▶ WHAT IS REQUIRED: Transcribe the data verbatim and drop its images.
Start of SUPPLIED RECORDS
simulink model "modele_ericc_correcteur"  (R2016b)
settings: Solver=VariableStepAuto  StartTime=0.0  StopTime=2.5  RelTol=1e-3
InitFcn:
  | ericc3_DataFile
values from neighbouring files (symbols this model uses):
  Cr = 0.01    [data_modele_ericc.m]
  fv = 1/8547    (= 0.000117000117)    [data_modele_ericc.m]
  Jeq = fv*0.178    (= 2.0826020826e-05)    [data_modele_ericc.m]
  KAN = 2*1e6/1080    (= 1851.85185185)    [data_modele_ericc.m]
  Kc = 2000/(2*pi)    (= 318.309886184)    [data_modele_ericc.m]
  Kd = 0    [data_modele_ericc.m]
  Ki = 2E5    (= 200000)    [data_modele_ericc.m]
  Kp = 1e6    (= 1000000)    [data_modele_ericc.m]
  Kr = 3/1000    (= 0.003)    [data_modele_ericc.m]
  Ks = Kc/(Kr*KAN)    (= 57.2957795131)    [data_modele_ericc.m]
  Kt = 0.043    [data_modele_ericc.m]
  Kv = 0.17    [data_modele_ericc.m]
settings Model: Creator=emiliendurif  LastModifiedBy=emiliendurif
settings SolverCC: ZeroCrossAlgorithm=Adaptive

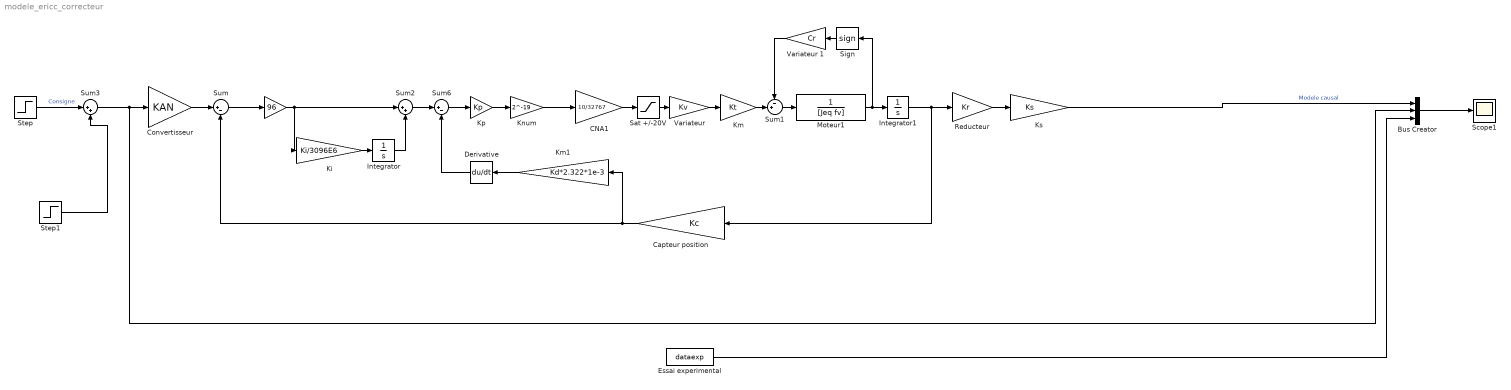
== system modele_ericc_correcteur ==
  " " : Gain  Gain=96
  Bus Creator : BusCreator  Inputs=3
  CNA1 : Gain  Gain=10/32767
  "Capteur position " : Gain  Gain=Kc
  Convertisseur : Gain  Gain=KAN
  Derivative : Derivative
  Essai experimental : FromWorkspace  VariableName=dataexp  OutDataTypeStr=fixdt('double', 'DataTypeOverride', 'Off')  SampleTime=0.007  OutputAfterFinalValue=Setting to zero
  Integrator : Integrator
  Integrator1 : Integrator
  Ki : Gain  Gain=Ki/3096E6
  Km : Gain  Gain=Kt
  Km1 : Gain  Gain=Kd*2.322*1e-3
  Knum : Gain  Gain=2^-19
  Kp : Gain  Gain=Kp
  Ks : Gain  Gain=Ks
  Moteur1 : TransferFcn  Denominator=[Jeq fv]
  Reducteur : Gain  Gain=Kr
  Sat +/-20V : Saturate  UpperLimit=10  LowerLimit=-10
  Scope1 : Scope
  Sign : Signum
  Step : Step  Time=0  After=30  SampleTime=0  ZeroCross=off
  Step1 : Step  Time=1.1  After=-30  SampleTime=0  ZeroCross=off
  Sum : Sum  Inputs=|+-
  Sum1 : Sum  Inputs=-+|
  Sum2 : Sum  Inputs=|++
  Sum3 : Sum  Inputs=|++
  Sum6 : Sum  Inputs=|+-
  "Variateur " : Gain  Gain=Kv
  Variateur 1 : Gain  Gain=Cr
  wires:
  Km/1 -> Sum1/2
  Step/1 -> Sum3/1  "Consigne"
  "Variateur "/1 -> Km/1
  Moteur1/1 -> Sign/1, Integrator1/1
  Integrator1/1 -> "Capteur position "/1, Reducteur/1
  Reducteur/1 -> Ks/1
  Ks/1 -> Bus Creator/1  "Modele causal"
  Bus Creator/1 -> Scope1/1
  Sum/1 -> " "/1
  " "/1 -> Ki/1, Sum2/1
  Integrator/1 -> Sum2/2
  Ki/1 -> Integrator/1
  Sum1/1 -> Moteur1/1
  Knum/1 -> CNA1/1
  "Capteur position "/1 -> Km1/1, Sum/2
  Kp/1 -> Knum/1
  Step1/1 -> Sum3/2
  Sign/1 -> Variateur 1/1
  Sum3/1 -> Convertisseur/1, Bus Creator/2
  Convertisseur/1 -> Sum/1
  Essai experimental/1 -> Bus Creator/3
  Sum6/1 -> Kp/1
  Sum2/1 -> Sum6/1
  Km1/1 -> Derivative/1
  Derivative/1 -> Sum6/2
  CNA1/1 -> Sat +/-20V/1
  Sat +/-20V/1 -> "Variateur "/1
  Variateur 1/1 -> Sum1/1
End of SUPPLIED RECORDS
▶ RESULT OF THIS TASK:
simulink model "modele_ericc_correcteur"  (R2016b)
settings: Solver=VariableStepAuto  StartTime=0.0  StopTime=2.5  RelTol=1e-3
InitFcn:
  | ericc3_DataFile
values from neighbouring files (symbols this model uses):
  Cr = 0.01    [data_modele_ericc.m]
  fv = 1/8547    (= 0.000117000117)    [data_modele_ericc.m]
  Jeq = fv*0.178    (= 2.0826020826e-05)    [data_modele_ericc.m]
  KAN = 2*1e6/1080    (= 1851.85185185)    [data_modele_ericc.m]
  Kc = 2000/(2*pi)    (= 318.309886184)    [data_modele_ericc.m]
  Kd = 0    [data_modele_ericc.m]
  Ki = 2E5    (= 200000)    [data_modele_ericc.m]
  Kp = 1e6    (= 1000000)    [data_modele_ericc.m]
  Kr = 3/1000    (= 0.003)    [data_modele_ericc.m]
  Ks = Kc/(Kr*KAN)    (= 57.2957795131)    [data_modele_ericc.m]
  Kt = 0.043    [data_modele_ericc.m]
  Kv = 0.17    [data_modele_ericc.m]
settings Model: Creator=emiliendurif  LastModifiedBy=emiliendurif
settings SolverCC: ZeroCrossAlgorithm=Adaptive

== system modele_ericc_correcteur ==
  " " : Gain  Gain=96
  Bus Creator : BusCreator  Inputs=3
  CNA1 : Gain  Gain=10/32767
  "Capteur position " : Gain  Gain=Kc
  Convertisseur : Gain  Gain=KAN
  Derivative : Derivative
  Essai experimental : FromWorkspace  VariableName=dataexp  OutDataTypeStr=fixdt('double', 'DataTypeOverride', 'Off')  SampleTime=0.007  OutputAfterFinalValue=Setting to zero
  Integrator : Integrator
  Integrator1 : Integrator
  Ki : Gain  Gain=Ki/3096E6
  Km : Gain  Gain=Kt
  Km1 : Gain  Gain=Kd*2.322*1e-3
  Knum : Gain  Gain=2^-19
  Kp : Gain  Gain=Kp
  Ks : Gain  Gain=Ks
  Moteur1 : TransferFcn  Denominator=[Jeq fv]
  Reducteur : Gain  Gain=Kr
  Sat +/-20V : Saturate  UpperLimit=10  LowerLimit=-10
  Scope1 : Scope
  Sign : Signum
  Step : Step  Time=0  After=30  SampleTime=0  ZeroCross=off
  Step1 : Step  Time=1.1  After=-30  SampleTime=0  ZeroCross=off
  Sum : Sum  Inputs=|+-
  Sum1 : Sum  Inputs=-+|
  Sum2 : Sum  Inputs=|++
  Sum3 : Sum  Inputs=|++
  Sum6 : Sum  Inputs=|+-
  "Variateur " : Gain  Gain=Kv
  Variateur 1 : Gain  Gain=Cr
  wires:
  Km/1 -> Sum1/2
  Step/1 -> Sum3/1  "Consigne"
  "Variateur "/1 -> Km/1
  Moteur1/1 -> Sign/1, Integrator1/1
  Integrator1/1 -> "Capteur position "/1, Reducteur/1
  Reducteur/1 -> Ks/1
  Ks/1 -> Bus Creator/1  "Modele causal"
  Bus Creator/1 -> Scope1/1
  Sum/1 -> " "/1
  " "/1 -> Ki/1, Sum2/1
  Integrator/1 -> Sum2/2
  Ki/1 -> Integrator/1
  Sum1/1 -> Moteur1/1
  Knum/1 -> CNA1/1
  "Capteur position "/1 -> Km1/1, Sum/2
  Kp/1 -> Knum/1
  Step1/1 -> Sum3/2
  Sign/1 -> Variateur 1/1
  Sum3/1 -> Convertisseur/1, Bus Creator/2
  Convertisseur/1 -> Sum/1
  Essai experimental/1 -> Bus Creator/3
  Sum6/1 -> Kp/1
  Sum2/1 -> Sum6/1
  Km1/1 -> Derivative/1
  Derivative/1 -> Sum6/2
  CNA1/1 -> Sat +/-20V/1
  Sat +/-20V/1 -> "Variateur "/1
  Variateur 1/1 -> Sum1/1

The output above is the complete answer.